PROBLEM TO WORK ON. Retype all of the listing exactly, passing over any picture you find.

THE INPUT.
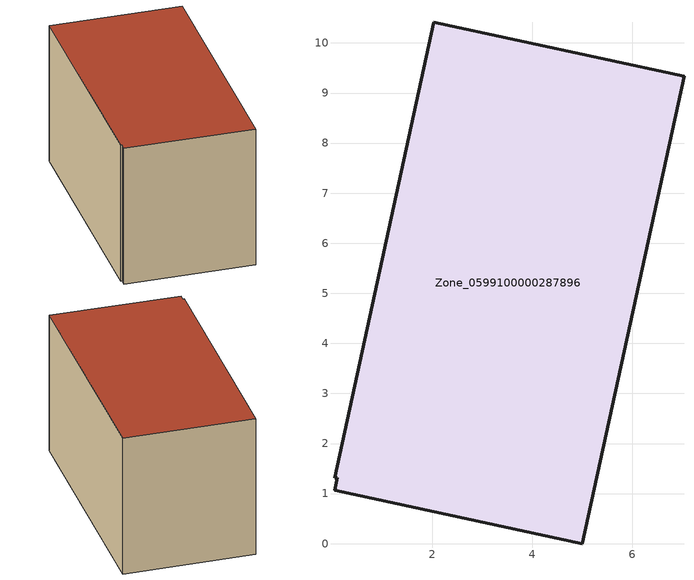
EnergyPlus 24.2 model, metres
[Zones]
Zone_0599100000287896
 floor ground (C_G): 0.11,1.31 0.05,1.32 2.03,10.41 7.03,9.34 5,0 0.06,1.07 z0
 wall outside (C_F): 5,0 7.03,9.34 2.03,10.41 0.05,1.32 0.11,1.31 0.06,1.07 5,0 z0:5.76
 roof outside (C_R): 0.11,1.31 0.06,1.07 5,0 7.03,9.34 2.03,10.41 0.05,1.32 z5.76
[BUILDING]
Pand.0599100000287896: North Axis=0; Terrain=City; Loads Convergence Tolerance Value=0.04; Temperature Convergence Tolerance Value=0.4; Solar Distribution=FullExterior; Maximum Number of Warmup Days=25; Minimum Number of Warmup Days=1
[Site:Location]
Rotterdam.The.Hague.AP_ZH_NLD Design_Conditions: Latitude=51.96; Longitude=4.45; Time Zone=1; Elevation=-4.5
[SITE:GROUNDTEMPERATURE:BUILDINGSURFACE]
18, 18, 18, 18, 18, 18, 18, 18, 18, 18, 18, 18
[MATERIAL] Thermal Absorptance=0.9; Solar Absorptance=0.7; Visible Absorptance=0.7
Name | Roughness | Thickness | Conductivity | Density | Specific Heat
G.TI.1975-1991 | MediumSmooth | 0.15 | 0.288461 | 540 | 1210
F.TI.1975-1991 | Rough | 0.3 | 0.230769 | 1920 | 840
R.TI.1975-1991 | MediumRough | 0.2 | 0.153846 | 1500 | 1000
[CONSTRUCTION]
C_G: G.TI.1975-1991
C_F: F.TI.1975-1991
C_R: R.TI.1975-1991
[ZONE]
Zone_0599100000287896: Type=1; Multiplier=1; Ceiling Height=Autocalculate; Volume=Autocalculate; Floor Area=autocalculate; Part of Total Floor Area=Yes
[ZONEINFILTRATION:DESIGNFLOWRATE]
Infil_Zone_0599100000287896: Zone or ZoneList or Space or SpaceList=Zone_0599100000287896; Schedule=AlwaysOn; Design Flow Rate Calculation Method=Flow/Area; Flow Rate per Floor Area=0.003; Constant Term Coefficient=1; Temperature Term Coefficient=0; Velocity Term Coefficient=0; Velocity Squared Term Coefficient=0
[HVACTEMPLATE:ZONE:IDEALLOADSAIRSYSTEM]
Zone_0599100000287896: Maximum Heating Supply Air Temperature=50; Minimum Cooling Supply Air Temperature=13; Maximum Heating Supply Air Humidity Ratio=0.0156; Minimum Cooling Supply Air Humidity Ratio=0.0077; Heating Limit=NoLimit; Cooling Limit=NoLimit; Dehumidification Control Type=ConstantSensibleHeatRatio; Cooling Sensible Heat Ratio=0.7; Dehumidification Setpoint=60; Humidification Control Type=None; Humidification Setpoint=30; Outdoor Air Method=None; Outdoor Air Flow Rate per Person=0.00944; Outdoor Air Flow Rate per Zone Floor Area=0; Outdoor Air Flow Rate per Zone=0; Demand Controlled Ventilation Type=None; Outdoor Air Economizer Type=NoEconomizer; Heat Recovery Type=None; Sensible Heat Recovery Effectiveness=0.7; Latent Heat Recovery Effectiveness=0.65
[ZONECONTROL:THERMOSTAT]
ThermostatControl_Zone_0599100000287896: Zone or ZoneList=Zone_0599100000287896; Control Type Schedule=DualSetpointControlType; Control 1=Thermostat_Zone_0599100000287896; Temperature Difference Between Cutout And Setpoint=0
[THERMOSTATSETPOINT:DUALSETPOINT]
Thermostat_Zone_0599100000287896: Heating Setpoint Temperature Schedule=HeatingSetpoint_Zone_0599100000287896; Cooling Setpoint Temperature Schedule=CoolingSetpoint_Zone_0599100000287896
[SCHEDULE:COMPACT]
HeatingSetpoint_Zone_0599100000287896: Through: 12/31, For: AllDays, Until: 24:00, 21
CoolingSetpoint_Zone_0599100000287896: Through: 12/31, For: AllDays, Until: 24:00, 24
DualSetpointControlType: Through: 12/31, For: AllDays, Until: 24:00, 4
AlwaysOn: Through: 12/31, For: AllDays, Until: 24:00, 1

RESPONSE AREA.
EnergyPlus 24.2 model, metres
[Zones]
Zone_0599100000287896
 floor ground (C_G): 0.11,1.31 0.05,1.32 2.03,10.41 7.03,9.34 5,0 0.06,1.07 z0
 wall outside (C_F): 5,0 7.03,9.34 2.03,10.41 0.05,1.32 0.11,1.31 0.06,1.07 5,0 z0:5.76
 roof outside (C_R): 0.11,1.31 0.06,1.07 5,0 7.03,9.34 2.03,10.41 0.05,1.32 z5.76
[BUILDING]
Pand.0599100000287896: North Axis=0; Terrain=City; Loads Convergence Tolerance Value=0.04; Temperature Convergence Tolerance Value=0.4; Solar Distribution=FullExterior; Maximum Number of Warmup Days=25; Minimum Number of Warmup Days=1
[Site:Location]
Rotterdam.The.Hague.AP_ZH_NLD Design_Conditions: Latitude=51.96; Longitude=4.45; Time Zone=1; Elevation=-4.5
[SITE:GROUNDTEMPERATURE:BUILDINGSURFACE]
18, 18, 18, 18, 18, 18, 18, 18, 18, 18, 18, 18
[MATERIAL] Thermal Absorptance=0.9; Solar Absorptance=0.7; Visible Absorptance=0.7
Name | Roughness | Thickness | Conductivity | Density | Specific Heat
G.TI.1975-1991 | MediumSmooth | 0.15 | 0.288461 | 540 | 1210
F.TI.1975-1991 | Rough | 0.3 | 0.230769 | 1920 | 840
R.TI.1975-1991 | MediumRough | 0.2 | 0.153846 | 1500 | 1000
[CONSTRUCTION]
C_G: G.TI.1975-1991
C_F: F.TI.1975-1991
C_R: R.TI.1975-1991
[ZONE]
Zone_0599100000287896: Type=1; Multiplier=1; Ceiling Height=Autocalculate; Volume=Autocalculate; Floor Area=autocalculate; Part of Total Floor Area=Yes
[ZONEINFILTRATION:DESIGNFLOWRATE]
Infil_Zone_0599100000287896: Zone or ZoneList or Space or SpaceList=Zone_0599100000287896; Schedule=AlwaysOn; Design Flow Rate Calculation Method=Flow/Area; Flow Rate per Floor Area=0.003; Constant Term Coefficient=1; Temperature Term Coefficient=0; Velocity Term Coefficient=0; Velocity Squared Term Coefficient=0
[HVACTEMPLATE:ZONE:IDEALLOADSAIRSYSTEM]
Zone_0599100000287896: Maximum Heating Supply Air Temperature=50; Minimum Cooling Supply Air Temperature=13; Maximum Heating Supply Air Humidity Ratio=0.0156; Minimum Cooling Supply Air Humidity Ratio=0.0077; Heating Limit=NoLimit; Cooling Limit=NoLimit; Dehumidification Control Type=ConstantSensibleHeatRatio; Cooling Sensible Heat Ratio=0.7; Dehumidification Setpoint=60; Humidification Control Type=None; Humidification Setpoint=30; Outdoor Air Method=None; Outdoor Air Flow Rate per Person=0.00944; Outdoor Air Flow Rate per Zone Floor Area=0; Outdoor Air Flow Rate per Zone=0; Demand Controlled Ventilation Type=None; Outdoor Air Economizer Type=NoEconomizer; Heat Recovery Type=None; Sensible Heat Recovery Effectiveness=0.7; Latent Heat Recovery Effectiveness=0.65
[ZONECONTROL:THERMOSTAT]
ThermostatControl_Zone_0599100000287896: Zone or ZoneList=Zone_0599100000287896; Control Type Schedule=DualSetpointControlType; Control 1=Thermostat_Zone_0599100000287896; Temperature Difference Between Cutout And Setpoint=0
[THERMOSTATSETPOINT:DUALSETPOINT]
Thermostat_Zone_0599100000287896: Heating Setpoint Temperature Schedule=HeatingSetpoint_Zone_0599100000287896; Cooling Setpoint Temperature Schedule=CoolingSetpoint_Zone_0599100000287896
[SCHEDULE:COMPACT]
HeatingSetpoint_Zone_0599100000287896: Through: 12/31, For: AllDays, Until: 24:00, 21
CoolingSetpoint_Zone_0599100000287896: Through: 12/31, For: AllDays, Until: 24:00, 24
DualSetpointControlType: Through: 12/31, For: AllDays, Until: 24:00, 4
AlwaysOn: Through: 12/31, For: AllDays, Until: 24:00, 1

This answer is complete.